▸ **Work to complete**:
Every line below from the one containing "CLK_12M: J2.42" through the one containing "unnamed: R2.2, U1.2 (CS1)" must be transcribed exactly. Omit all lines outside that stretch.

▸ **Extracted entries**:
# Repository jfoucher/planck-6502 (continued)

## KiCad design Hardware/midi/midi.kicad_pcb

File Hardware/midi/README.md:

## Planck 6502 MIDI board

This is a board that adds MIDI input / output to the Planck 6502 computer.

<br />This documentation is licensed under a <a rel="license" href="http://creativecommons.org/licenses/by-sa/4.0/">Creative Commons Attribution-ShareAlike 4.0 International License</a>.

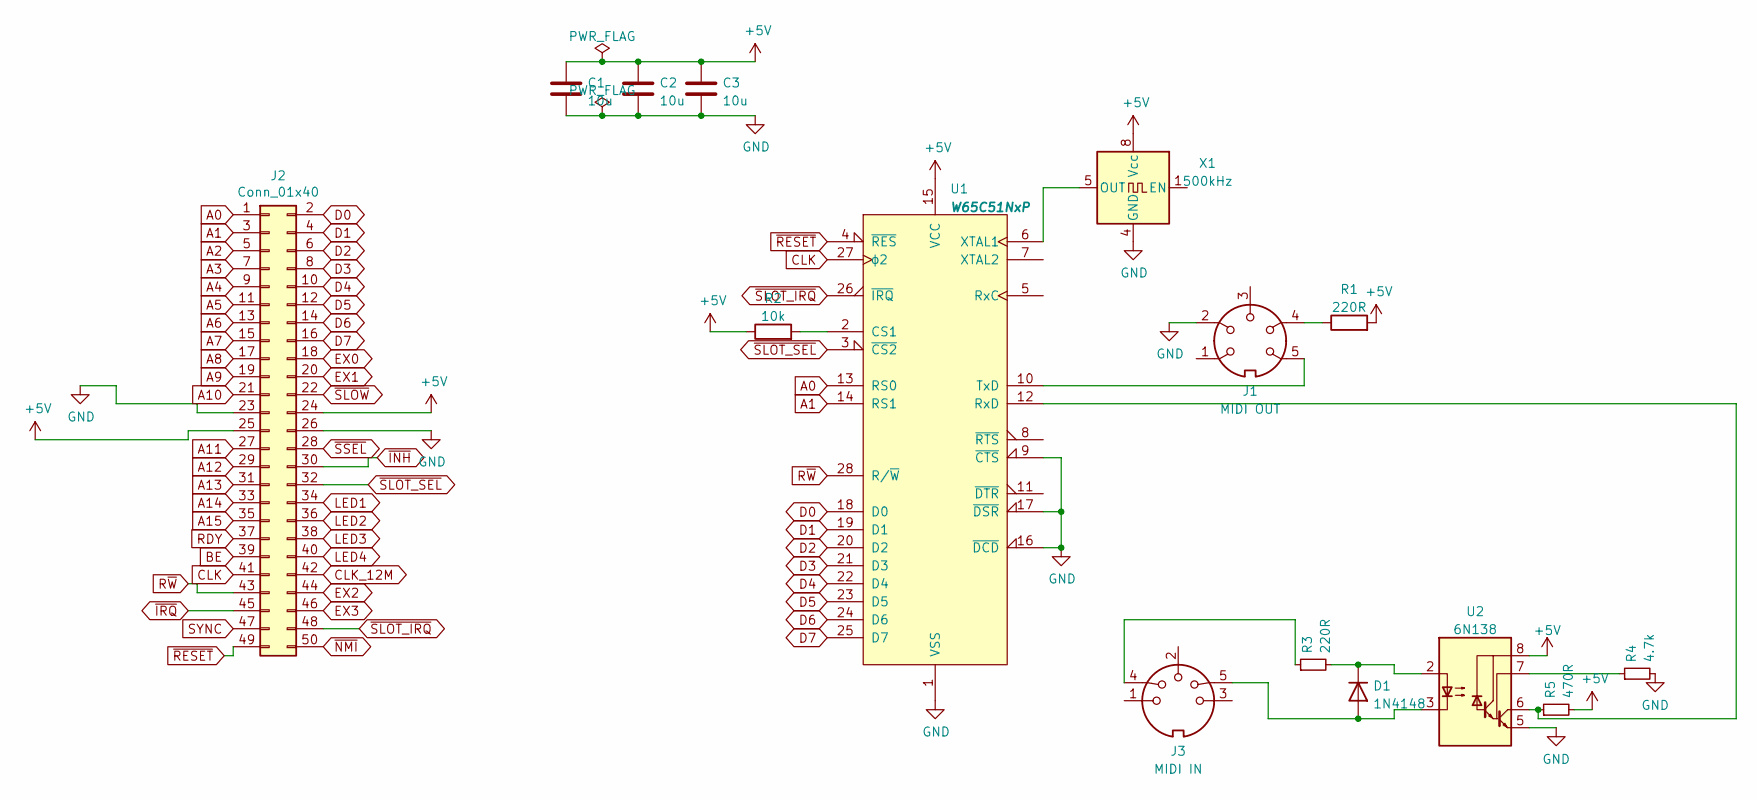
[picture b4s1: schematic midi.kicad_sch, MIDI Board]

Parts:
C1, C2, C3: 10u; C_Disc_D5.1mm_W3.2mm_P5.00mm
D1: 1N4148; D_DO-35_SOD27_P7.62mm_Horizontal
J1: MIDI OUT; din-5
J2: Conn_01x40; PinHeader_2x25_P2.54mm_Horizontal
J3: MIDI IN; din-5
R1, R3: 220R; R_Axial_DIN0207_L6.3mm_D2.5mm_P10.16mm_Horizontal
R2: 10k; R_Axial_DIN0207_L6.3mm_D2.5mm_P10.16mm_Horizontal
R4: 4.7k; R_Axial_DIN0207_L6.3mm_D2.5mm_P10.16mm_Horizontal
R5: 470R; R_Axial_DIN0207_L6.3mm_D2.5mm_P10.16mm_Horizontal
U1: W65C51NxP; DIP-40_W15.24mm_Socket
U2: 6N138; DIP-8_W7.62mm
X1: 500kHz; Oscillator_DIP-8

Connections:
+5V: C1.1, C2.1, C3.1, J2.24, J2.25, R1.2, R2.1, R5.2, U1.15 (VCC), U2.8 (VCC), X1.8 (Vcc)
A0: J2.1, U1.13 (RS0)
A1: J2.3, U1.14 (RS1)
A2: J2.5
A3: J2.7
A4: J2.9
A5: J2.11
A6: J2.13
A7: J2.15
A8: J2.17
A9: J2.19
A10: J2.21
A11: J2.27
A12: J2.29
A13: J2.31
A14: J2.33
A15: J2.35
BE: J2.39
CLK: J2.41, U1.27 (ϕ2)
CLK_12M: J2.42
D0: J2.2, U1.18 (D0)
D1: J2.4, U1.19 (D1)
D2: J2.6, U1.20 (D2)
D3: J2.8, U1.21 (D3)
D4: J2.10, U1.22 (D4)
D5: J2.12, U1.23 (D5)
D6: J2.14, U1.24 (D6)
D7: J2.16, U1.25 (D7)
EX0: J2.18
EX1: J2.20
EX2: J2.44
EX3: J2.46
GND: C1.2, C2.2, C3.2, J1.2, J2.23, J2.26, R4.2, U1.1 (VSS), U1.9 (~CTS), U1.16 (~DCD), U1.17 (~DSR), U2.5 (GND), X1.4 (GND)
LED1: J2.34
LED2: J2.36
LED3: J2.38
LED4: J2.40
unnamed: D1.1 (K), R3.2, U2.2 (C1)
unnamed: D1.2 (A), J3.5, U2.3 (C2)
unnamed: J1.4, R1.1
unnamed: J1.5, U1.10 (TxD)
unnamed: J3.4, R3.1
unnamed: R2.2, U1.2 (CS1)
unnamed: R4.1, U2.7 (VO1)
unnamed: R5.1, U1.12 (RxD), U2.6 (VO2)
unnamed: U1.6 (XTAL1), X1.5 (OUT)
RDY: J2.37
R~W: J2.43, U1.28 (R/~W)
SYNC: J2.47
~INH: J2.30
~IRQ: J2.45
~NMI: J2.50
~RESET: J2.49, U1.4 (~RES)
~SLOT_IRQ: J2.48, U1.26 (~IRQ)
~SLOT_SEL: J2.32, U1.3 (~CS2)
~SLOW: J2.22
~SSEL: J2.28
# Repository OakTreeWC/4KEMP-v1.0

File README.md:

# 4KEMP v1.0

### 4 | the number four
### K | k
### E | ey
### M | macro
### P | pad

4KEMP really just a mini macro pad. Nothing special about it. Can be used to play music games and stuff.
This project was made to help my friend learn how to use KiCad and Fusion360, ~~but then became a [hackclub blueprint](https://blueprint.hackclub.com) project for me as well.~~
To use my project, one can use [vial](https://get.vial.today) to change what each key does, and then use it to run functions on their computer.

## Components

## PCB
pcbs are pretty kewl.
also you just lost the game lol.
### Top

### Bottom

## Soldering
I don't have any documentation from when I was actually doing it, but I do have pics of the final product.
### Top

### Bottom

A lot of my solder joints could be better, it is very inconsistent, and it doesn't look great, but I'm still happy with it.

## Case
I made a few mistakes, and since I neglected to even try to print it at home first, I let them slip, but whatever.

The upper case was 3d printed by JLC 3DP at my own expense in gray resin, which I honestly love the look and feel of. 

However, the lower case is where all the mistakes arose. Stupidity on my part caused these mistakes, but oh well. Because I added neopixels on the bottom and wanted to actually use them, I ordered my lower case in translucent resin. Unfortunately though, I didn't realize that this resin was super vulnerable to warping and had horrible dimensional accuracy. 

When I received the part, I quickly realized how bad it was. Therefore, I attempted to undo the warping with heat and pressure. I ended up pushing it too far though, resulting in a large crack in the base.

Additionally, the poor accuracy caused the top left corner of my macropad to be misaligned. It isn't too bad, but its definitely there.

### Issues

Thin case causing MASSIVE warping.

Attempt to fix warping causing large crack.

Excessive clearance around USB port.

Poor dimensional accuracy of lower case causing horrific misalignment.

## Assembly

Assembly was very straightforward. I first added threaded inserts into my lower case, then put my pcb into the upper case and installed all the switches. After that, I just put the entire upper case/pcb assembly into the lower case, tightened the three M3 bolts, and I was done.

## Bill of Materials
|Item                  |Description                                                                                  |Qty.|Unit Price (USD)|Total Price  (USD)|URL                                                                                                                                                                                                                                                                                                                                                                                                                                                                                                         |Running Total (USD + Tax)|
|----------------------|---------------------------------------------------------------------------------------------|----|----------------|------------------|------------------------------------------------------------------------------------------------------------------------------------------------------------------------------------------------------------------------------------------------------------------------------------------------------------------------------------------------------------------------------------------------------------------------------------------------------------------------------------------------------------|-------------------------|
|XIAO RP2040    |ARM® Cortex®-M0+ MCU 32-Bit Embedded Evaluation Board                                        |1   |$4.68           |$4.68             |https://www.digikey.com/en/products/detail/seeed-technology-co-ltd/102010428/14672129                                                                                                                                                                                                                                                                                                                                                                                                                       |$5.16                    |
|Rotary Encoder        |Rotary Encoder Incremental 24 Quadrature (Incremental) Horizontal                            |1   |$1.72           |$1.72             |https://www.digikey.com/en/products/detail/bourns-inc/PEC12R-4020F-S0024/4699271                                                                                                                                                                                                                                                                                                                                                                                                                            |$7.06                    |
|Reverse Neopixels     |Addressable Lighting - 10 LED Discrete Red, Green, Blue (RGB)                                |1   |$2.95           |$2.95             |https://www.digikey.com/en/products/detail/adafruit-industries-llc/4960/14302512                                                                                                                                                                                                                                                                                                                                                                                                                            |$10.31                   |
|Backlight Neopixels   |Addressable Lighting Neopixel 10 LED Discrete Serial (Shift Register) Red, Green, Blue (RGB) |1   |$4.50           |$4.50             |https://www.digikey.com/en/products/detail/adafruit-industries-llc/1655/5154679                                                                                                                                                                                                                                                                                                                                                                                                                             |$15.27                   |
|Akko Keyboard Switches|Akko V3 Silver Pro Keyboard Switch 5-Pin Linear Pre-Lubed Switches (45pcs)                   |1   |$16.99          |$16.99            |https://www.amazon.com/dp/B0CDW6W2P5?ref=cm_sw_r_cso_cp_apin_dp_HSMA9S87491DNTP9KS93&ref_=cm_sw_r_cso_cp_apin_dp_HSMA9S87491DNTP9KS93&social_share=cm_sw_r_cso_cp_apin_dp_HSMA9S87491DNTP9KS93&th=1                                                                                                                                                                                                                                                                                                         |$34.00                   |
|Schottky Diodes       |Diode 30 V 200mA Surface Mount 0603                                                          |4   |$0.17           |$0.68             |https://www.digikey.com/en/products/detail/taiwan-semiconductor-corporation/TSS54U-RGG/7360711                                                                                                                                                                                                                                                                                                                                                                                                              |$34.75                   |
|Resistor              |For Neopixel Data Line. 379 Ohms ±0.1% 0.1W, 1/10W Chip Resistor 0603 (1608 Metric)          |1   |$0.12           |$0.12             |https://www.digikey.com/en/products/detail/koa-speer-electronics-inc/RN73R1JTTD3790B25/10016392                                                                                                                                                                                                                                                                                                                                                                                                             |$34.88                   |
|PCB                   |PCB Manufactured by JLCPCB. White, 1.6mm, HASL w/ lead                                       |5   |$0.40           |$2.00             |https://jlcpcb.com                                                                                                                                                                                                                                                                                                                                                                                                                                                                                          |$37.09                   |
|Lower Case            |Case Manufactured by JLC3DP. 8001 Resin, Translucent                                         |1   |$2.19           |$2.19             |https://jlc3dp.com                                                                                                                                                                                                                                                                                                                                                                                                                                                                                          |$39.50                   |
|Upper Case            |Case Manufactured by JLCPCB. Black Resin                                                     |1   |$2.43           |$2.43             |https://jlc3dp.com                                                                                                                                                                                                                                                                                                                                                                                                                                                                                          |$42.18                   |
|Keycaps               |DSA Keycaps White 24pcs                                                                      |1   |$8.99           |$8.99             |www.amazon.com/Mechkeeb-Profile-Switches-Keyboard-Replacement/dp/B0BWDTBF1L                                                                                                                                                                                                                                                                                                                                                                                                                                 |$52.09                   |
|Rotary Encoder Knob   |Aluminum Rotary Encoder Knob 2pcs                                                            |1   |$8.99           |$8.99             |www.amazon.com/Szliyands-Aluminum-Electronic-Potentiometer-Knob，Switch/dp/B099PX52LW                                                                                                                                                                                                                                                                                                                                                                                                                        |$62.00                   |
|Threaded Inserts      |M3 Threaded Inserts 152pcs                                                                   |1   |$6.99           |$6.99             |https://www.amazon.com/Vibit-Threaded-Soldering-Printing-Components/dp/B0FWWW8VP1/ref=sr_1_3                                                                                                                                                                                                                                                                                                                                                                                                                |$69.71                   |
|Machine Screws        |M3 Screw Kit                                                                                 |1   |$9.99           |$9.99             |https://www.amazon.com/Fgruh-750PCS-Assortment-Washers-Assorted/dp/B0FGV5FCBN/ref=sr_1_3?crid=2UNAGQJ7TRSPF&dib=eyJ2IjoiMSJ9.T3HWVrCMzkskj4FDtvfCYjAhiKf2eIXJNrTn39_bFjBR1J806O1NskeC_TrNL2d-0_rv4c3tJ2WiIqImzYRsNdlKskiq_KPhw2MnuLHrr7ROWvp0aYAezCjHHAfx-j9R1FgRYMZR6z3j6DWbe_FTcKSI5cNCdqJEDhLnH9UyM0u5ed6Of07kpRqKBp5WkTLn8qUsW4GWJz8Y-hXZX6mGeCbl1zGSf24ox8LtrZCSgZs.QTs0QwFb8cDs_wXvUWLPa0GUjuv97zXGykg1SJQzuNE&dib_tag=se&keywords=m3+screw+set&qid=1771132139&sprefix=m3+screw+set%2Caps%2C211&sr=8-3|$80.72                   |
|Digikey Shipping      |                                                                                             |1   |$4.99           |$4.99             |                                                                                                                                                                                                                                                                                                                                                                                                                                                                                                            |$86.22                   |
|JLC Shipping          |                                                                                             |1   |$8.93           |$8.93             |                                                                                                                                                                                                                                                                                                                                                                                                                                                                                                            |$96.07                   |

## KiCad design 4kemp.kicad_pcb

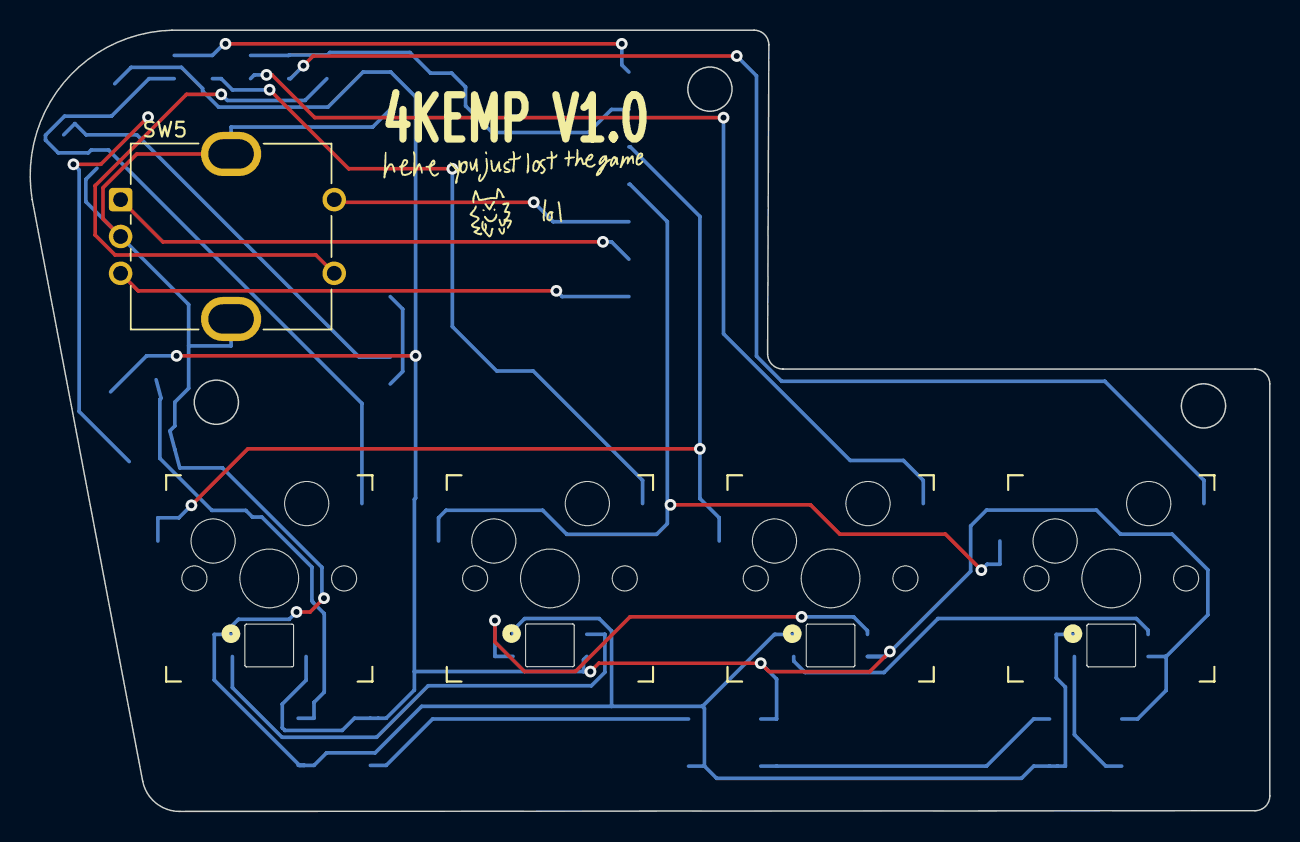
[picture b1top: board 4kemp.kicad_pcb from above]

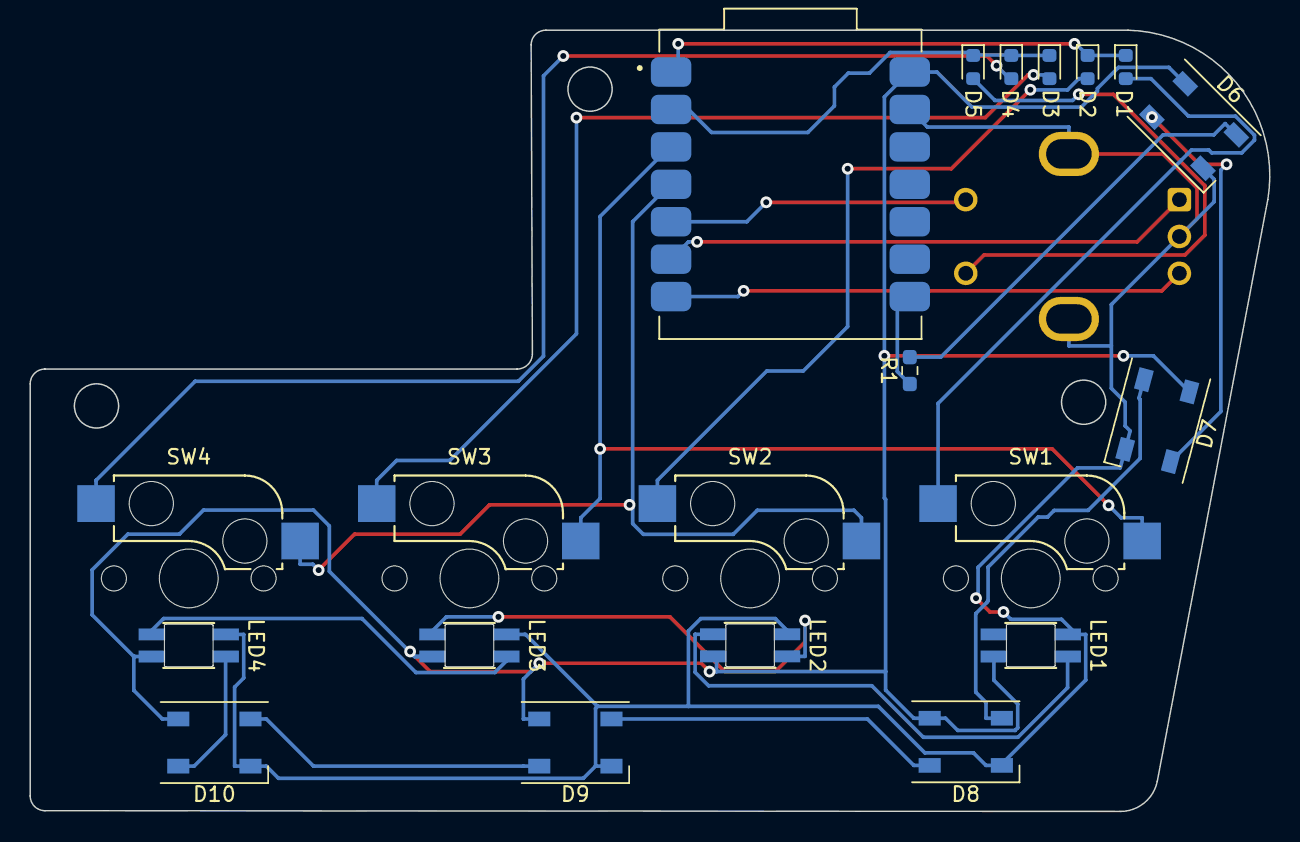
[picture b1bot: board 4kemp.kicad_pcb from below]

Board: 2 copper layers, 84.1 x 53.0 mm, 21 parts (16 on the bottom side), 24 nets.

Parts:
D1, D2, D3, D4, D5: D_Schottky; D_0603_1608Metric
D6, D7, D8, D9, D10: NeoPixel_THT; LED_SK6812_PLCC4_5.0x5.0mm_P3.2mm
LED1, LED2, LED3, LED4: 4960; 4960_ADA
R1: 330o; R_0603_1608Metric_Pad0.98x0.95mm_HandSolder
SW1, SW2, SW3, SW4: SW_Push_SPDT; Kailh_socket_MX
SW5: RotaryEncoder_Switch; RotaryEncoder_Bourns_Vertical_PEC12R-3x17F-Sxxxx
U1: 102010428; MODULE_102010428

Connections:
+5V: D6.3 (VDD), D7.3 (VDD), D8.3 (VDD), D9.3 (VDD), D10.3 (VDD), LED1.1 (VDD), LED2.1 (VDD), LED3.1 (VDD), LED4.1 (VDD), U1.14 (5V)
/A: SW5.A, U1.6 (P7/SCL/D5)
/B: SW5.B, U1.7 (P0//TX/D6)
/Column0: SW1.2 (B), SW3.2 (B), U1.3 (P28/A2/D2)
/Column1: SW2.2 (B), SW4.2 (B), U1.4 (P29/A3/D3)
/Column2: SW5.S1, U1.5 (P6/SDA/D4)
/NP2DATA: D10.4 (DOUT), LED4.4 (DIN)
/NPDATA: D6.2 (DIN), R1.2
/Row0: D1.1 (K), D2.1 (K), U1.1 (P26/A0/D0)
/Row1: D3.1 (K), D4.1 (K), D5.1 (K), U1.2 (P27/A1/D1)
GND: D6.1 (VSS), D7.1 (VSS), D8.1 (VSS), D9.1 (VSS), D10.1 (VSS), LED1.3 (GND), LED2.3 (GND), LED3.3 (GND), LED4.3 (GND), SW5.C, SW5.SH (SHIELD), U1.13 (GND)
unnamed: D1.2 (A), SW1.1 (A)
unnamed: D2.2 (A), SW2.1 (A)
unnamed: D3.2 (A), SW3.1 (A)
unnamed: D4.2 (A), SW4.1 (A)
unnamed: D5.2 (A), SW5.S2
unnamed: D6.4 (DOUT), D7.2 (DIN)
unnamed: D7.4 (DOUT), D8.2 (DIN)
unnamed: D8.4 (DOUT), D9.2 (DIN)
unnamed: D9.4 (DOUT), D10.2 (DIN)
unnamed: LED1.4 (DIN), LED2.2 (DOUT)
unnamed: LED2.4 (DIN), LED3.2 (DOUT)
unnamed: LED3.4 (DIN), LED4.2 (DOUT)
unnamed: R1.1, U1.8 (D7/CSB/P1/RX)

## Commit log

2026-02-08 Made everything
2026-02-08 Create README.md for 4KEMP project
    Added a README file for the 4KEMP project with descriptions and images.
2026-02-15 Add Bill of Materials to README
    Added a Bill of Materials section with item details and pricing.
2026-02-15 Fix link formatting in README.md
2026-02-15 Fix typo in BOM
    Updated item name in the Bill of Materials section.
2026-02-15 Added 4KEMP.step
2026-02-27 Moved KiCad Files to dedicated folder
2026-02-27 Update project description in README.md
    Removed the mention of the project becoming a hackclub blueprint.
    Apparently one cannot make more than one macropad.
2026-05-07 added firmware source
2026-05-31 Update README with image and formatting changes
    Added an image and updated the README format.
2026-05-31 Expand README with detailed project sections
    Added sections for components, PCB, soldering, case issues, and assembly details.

▸ **Written solution**:
CLK_12M: J2.42
D0: J2.2, U1.18 (D0)
D1: J2.4, U1.19 (D1)
D2: J2.6, U1.20 (D2)
D3: J2.8, U1.21 (D3)
D4: J2.10, U1.22 (D4)
D5: J2.12, U1.23 (D5)
D6: J2.14, U1.24 (D6)
D7: J2.16, U1.25 (D7)
EX0: J2.18
EX1: J2.20
EX2: J2.44
EX3: J2.46
GND: C1.2, C2.2, C3.2, J1.2, J2.23, J2.26, R4.2, U1.1 (VSS), U1.9 (~CTS), U1.16 (~DCD), U1.17 (~DSR), U2.5 (GND), X1.4 (GND)
LED1: J2.34
LED2: J2.36
LED3: J2.38
LED4: J2.40
unnamed: D1.1 (K), R3.2, U2.2 (C1)
unnamed: D1.2 (A), J3.5, U2.3 (C2)
unnamed: J1.4, R1.1
unnamed: J1.5, U1.10 (TxD)
unnamed: J3.4, R3.1
unnamed: R2.2, U1.2 (CS1)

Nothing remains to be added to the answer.